Material to process -
----

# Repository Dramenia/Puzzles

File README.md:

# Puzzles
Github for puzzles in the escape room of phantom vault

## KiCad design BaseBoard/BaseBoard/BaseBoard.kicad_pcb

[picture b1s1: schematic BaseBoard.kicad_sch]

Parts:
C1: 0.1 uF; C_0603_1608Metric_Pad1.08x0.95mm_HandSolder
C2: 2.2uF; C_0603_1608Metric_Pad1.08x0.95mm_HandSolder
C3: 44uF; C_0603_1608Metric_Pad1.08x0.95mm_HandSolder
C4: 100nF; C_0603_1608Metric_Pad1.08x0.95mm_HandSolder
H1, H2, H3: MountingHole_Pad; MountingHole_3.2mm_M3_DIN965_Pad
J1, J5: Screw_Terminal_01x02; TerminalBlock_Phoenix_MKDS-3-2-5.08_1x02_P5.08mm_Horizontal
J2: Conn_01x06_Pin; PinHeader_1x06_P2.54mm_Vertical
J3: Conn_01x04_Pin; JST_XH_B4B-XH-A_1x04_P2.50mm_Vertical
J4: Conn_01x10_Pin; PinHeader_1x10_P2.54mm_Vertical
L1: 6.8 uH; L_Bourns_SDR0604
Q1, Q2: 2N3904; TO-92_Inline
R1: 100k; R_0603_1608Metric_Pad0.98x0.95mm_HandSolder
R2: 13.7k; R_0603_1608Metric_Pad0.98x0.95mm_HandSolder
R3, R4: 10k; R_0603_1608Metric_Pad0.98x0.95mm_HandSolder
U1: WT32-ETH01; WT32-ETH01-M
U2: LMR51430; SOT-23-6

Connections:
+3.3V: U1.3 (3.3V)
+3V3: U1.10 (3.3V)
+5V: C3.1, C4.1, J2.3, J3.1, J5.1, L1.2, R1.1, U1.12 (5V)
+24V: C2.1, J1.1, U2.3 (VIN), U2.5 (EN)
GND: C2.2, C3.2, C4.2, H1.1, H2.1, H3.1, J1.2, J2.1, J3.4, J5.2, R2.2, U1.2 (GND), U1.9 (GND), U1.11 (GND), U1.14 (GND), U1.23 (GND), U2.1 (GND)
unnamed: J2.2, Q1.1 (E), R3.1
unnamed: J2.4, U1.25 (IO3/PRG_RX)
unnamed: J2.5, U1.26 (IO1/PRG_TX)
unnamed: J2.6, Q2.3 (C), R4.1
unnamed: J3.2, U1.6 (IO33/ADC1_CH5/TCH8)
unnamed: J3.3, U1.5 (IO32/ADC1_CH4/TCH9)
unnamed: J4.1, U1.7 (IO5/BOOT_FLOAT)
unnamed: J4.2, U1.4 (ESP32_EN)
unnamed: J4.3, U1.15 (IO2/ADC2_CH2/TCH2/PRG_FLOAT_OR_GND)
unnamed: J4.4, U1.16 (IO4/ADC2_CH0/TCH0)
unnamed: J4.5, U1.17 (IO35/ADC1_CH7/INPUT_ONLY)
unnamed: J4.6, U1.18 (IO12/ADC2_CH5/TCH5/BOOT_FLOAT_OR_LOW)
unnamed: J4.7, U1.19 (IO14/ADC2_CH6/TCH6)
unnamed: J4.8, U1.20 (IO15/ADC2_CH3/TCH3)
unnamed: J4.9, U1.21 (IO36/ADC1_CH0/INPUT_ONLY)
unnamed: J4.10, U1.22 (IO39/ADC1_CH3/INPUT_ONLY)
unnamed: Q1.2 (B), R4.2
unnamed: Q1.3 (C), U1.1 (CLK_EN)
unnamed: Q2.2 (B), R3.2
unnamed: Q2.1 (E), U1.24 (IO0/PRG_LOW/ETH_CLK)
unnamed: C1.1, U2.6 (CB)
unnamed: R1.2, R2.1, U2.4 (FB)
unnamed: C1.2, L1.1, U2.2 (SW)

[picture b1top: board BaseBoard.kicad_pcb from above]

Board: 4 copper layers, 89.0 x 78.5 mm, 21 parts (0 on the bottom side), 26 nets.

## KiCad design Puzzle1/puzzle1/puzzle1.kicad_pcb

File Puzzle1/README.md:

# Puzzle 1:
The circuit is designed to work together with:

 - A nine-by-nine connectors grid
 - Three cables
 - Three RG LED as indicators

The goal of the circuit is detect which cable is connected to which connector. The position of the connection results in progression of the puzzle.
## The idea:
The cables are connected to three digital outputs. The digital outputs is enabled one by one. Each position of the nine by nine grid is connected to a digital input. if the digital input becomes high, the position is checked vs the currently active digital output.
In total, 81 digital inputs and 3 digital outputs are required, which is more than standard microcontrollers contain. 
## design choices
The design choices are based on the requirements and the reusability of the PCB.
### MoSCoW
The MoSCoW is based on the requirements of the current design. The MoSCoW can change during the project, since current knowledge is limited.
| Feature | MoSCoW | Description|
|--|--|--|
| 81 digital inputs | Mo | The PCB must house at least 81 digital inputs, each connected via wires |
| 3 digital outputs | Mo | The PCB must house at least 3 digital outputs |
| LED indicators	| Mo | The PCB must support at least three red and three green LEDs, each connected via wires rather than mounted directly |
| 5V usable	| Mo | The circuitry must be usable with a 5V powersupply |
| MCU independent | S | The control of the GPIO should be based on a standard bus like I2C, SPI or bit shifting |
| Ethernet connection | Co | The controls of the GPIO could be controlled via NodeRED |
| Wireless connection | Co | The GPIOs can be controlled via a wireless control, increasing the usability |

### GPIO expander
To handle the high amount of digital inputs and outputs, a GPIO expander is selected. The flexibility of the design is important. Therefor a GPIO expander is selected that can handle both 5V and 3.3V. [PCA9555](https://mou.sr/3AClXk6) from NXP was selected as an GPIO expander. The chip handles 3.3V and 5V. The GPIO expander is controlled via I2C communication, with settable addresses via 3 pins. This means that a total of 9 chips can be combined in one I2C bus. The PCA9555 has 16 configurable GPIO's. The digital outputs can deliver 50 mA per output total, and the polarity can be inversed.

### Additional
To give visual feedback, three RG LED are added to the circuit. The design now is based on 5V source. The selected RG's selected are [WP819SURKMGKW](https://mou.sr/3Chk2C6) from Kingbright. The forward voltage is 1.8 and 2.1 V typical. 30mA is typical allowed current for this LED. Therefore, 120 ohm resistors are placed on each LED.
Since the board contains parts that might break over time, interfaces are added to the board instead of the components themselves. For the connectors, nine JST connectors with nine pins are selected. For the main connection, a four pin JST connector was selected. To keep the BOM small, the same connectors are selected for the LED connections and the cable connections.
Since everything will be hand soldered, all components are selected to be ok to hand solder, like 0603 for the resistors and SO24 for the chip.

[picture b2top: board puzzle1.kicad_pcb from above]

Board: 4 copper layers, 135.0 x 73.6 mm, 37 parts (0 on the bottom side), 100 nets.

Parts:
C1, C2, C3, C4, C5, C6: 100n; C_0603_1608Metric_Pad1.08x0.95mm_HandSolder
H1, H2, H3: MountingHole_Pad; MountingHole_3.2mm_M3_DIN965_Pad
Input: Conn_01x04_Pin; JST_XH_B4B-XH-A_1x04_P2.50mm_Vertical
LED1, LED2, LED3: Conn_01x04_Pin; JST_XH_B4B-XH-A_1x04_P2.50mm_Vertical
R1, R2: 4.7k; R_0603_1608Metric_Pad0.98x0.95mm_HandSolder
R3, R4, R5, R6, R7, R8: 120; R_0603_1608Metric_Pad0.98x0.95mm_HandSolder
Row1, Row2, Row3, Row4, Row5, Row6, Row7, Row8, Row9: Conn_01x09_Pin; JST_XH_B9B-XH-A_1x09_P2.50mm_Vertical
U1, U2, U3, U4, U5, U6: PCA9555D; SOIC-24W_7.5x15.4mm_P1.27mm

----

Work instruction - Within the entries above, find each line where "based" appears; copy every one.

Answer box -
The design choices are based on the requirements and the reusability of the PCB.
The MoSCoW is based on the requirements of the current design. The MoSCoW can change during the project, since current knowledge is limited.
| MCU independent | S | The control of the GPIO should be based on a standard bus like I2C, SPI or bit shifting |
To give visual feedback, three RG LED are added to the circuit. The design now is based on 5V source. The selected RG's selected are [WP819SURKMGKW](https://mou.sr/3Chk2C6) from Kingbright. The forward voltage is 1.8 and 2.1 V typical. 30mA is typical allowed current for this LED. Therefore, 120 ohm resistors are placed on each LED.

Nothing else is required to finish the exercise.